Source data:
#####

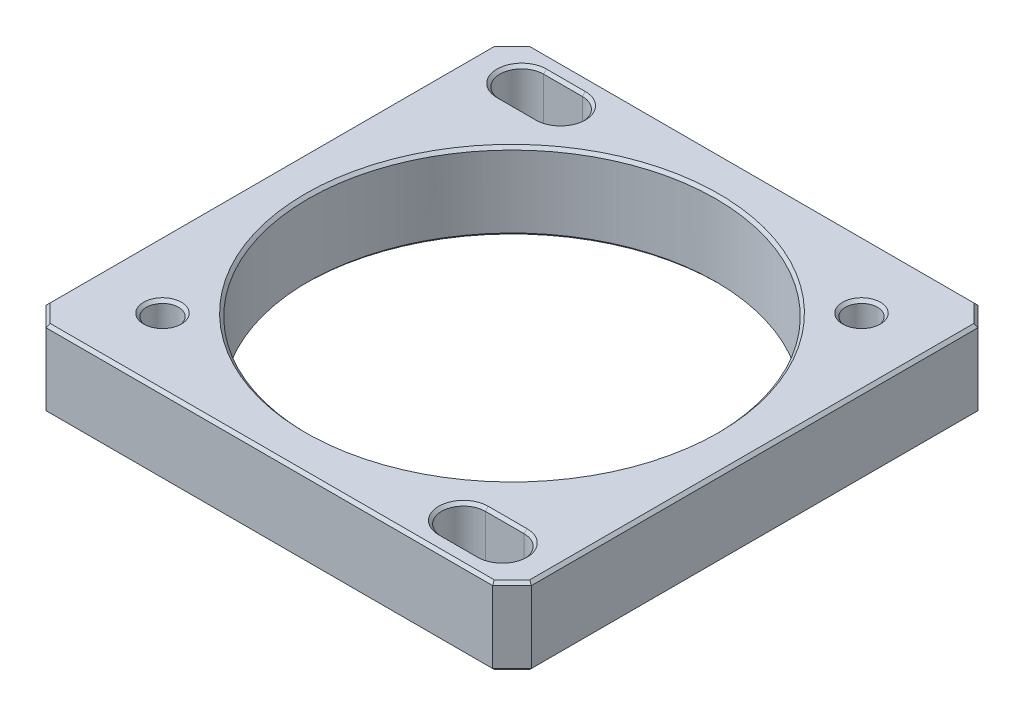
ISO-10303-21;
HEADER;
FILE_DESCRIPTION(('STEP AP214'),'2;1');
FILE_NAME('part.step','',(''),(''),'','','');
FILE_SCHEMA(('AUTOMOTIVE_DESIGN { 1 0 10303 214 1 1 1 1 }'));
ENDSEC;
DATA;
#1=APPLICATION_CONTEXT('core data for automotive mechanical design processes');
#2=APPLICATION_PROTOCOL_DEFINITION('international standard','automotive_design',2000,#1);
#3=PRODUCT_CONTEXT('',#1,'mechanical');
#4=PRODUCT('Part','Part','',(#3));
#5=PRODUCT_RELATED_PRODUCT_CATEGORY('part','',(#4));
#6=PRODUCT_DEFINITION_FORMATION('','',#4);
#7=PRODUCT_DEFINITION_CONTEXT('part definition',#1,'design');
#8=PRODUCT_DEFINITION('design','',#6,#7);
#9=PRODUCT_DEFINITION_SHAPE('','',#8);
#10=(LENGTH_UNIT() NAMED_UNIT(*) SI_UNIT(.MILLI.,.METRE.));
#11=(NAMED_UNIT(*) PLANE_ANGLE_UNIT() SI_UNIT($,.RADIAN.));
#12=(NAMED_UNIT(*) SI_UNIT($,.STERADIAN.) SOLID_ANGLE_UNIT());
#13=UNCERTAINTY_MEASURE_WITH_UNIT(LENGTH_MEASURE(1.E-05),#10,'distance_accuracy_value','');
#14=(GEOMETRIC_REPRESENTATION_CONTEXT(3) GLOBAL_UNCERTAINTY_ASSIGNED_CONTEXT((#13)) GLOBAL_UNIT_ASSIGNED_CONTEXT((#10,
#11,#12)) REPRESENTATION_CONTEXT('',''));
#15=CARTESIAN_POINT('',(0.,0.,0.));
#16=DIRECTION('',(0.,0.,1.));
#17=DIRECTION('',(1.,0.,0.));
#18=AXIS2_PLACEMENT_3D('',#15,#16,#17);
#19=CARTESIAN_POINT('',(0.,8.,0.));
#20=DIRECTION('',(0.,1.,0.));
#21=DIRECTION('',(0.,0.,1.));
#22=AXIS2_PLACEMENT_3D('',#19,#20,#21);
#23=PLANE('',#22);
#24=CARTESIAN_POINT('',(-18.,7.99999999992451,18.));
#25=DIRECTION('',(0.,1.,0.));
#26=DIRECTION('',(0.,0.,1.));
#27=AXIS2_PLACEMENT_3D('',#24,#25,#26);
#28=CIRCLE('',#27,1.94999999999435);
#29=CARTESIAN_POINT('',(-18.,7.99999999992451,19.9499999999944));
#30=VERTEX_POINT('',#29);
#31=EDGE_CURVE('E145',#30,#30,#28,.F.);
#32=ORIENTED_EDGE('',*,*,#31,.T.);
#33=EDGE_LOOP('',(#32));
#34=FACE_BOUND('',#33,.T.);
#35=CARTESIAN_POINT('',(18.,7.99999999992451,-18.));
#36=DIRECTION('',(0.,1.,0.));
#37=DIRECTION('',(0.,0.,1.));
#38=AXIS2_PLACEMENT_3D('',#35,#36,#37);
#39=CIRCLE('',#38,1.94999999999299);
#40=CARTESIAN_POINT('',(18.,7.99999999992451,-16.050000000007));
#41=VERTEX_POINT('',#40);
#42=EDGE_CURVE('E149',#41,#41,#39,.F.);
#43=ORIENTED_EDGE('',*,*,#42,.T.);
#44=EDGE_LOOP('',(#43));
#45=FACE_BOUND('',#44,.T.);
#46=CARTESIAN_POINT('',(16.,8.0000000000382,21.));
#47=DIRECTION('',(0.,1.,0.));
#48=DIRECTION('',(0.,0.,1.));
#49=AXIS2_PLACEMENT_3D('',#46,#47,#48);
#50=CIRCLE('',#49,2.55000000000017);
#51=CARTESIAN_POINT('',(16.,8.0000000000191,23.5500000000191));
#52=VERTEX_POINT('',#51);
#53=CARTESIAN_POINT('',(16.,8.0000000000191,18.4499999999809));
#54=VERTEX_POINT('',#53);
#55=EDGE_CURVE('E113',#52,#54,#50,.F.);
#56=ORIENTED_EDGE('',*,*,#55,.T.);
#57=DIRECTION('',(1.,0.,0.));
#58=VECTOR('',#57,1.);
#59=CARTESIAN_POINT('',(16.,8.,18.45));
#60=LINE('',#59,#58);
#61=CARTESIAN_POINT('',(20.,8.0000000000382,18.449999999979));
#62=VERTEX_POINT('',#61);
#63=EDGE_CURVE('E117',#62,#54,#60,.F.);
#64=ORIENTED_EDGE('',*,*,#63,.F.);
#65=CARTESIAN_POINT('',(20.,8.0000000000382,21.));
#66=DIRECTION('',(0.,1.,0.));
#67=DIRECTION('',(0.,0.,1.));
#68=AXIS2_PLACEMENT_3D('',#65,#66,#67);
#69=CIRCLE('',#68,2.55000000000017);
#70=CARTESIAN_POINT('',(20.,8.0000000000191,23.5500000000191));
#71=VERTEX_POINT('',#70);
#72=EDGE_CURVE('E153',#62,#71,#69,.F.);
#73=ORIENTED_EDGE('',*,*,#72,.T.);
#74=DIRECTION('',(1.,0.,0.));
#75=VECTOR('',#74,1.);
#76=CARTESIAN_POINT('',(16.,8.,23.55));
#77=LINE('',#76,#75);
#78=EDGE_CURVE('E221',#52,#71,#77,.T.);
#79=ORIENTED_EDGE('',*,*,#78,.F.);
#80=EDGE_LOOP('',(#56,#64,#73,#79));
#81=FACE_BOUND('',#80,.T.);
#82=CARTESIAN_POINT('',(-20.,7.99999999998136,-21.));
#83=DIRECTION('',(0.,1.,0.));
#84=DIRECTION('',(0.,0.,1.));
#85=AXIS2_PLACEMENT_3D('',#82,#83,#84);
#86=CIRCLE('',#85,2.54999999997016);
#87=CARTESIAN_POINT('',(-20.,7.99999999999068,-18.4500000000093));
#88=VERTEX_POINT('',#87);
#89=CARTESIAN_POINT('',(-20.,7.99999999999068,-23.5499999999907));
#90=VERTEX_POINT('',#89);
#91=EDGE_CURVE('E84',#88,#90,#86,.F.);
#92=ORIENTED_EDGE('',*,*,#91,.T.);
#93=DIRECTION('',(1.,0.,0.));
#94=VECTOR('',#93,1.);
#95=CARTESIAN_POINT('',(-20.,8.,-23.55));
#96=LINE('',#95,#94);
#97=CARTESIAN_POINT('',(-16.,7.99999999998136,-23.5499999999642));
#98=VERTEX_POINT('',#97);
#99=EDGE_CURVE('E96',#98,#90,#96,.F.);
#100=ORIENTED_EDGE('',*,*,#99,.F.);
#101=CARTESIAN_POINT('',(-16.,7.99999999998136,-21.));
#102=DIRECTION('',(0.,1.,0.));
#103=DIRECTION('',(0.,0.,1.));
#104=AXIS2_PLACEMENT_3D('',#101,#102,#103);
#105=CIRCLE('',#104,2.54999999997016);
#106=CARTESIAN_POINT('',(-16.,7.99999999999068,-18.4500000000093));
#107=VERTEX_POINT('',#106);
#108=EDGE_CURVE('E109',#98,#107,#105,.F.);
#109=ORIENTED_EDGE('',*,*,#108,.T.);
#110=DIRECTION('',(1.,0.,0.));
#111=VECTOR('',#110,1.);
#112=CARTESIAN_POINT('',(-20.,8.,-18.45));
#113=LINE('',#112,#111);
#114=EDGE_CURVE('E102',#88,#107,#113,.T.);
#115=ORIENTED_EDGE('',*,*,#114,.F.);
#116=EDGE_LOOP('',(#92,#100,#109,#115));
#117=FACE_BOUND('',#116,.T.);
#118=DIRECTION('',(0.,0.,1.));
#119=VECTOR('',#118,1.);
#120=CARTESIAN_POINT('',(-24.7,8.,0.));
#121=LINE('',#120,#119);
#122=CARTESIAN_POINT('',(-24.7,8.,22.875735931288));
#123=VERTEX_POINT('',#122);
#124=CARTESIAN_POINT('',(-24.7,8.,-22.875735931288));
#125=VERTEX_POINT('',#124);
#126=EDGE_CURVE('E97',#123,#125,#121,.F.);
#127=ORIENTED_EDGE('',*,*,#126,.F.);
#128=DIRECTION('',(-0.707106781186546,0.,-0.707106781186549));
#129=VECTOR('',#128,1.);
#130=CARTESIAN_POINT('',(-22.875735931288,8.,24.7));
#131=LINE('',#130,#129);
#132=CARTESIAN_POINT('',(-22.875735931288,8.,24.7));
#133=VERTEX_POINT('',#132);
#134=EDGE_CURVE('E216',#133,#123,#131,.T.);
#135=ORIENTED_EDGE('',*,*,#134,.F.);
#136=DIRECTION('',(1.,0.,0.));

#####

Assignment >>
Copy out every line of the entries where the string "VECTOR" shows up.

Exercise answer >>
#58=VECTOR('',#57,1.);
#75=VECTOR('',#74,1.);
#94=VECTOR('',#93,1.);
#111=VECTOR('',#110,1.);
#119=VECTOR('',#118,1.);
#129=VECTOR('',#128,1.);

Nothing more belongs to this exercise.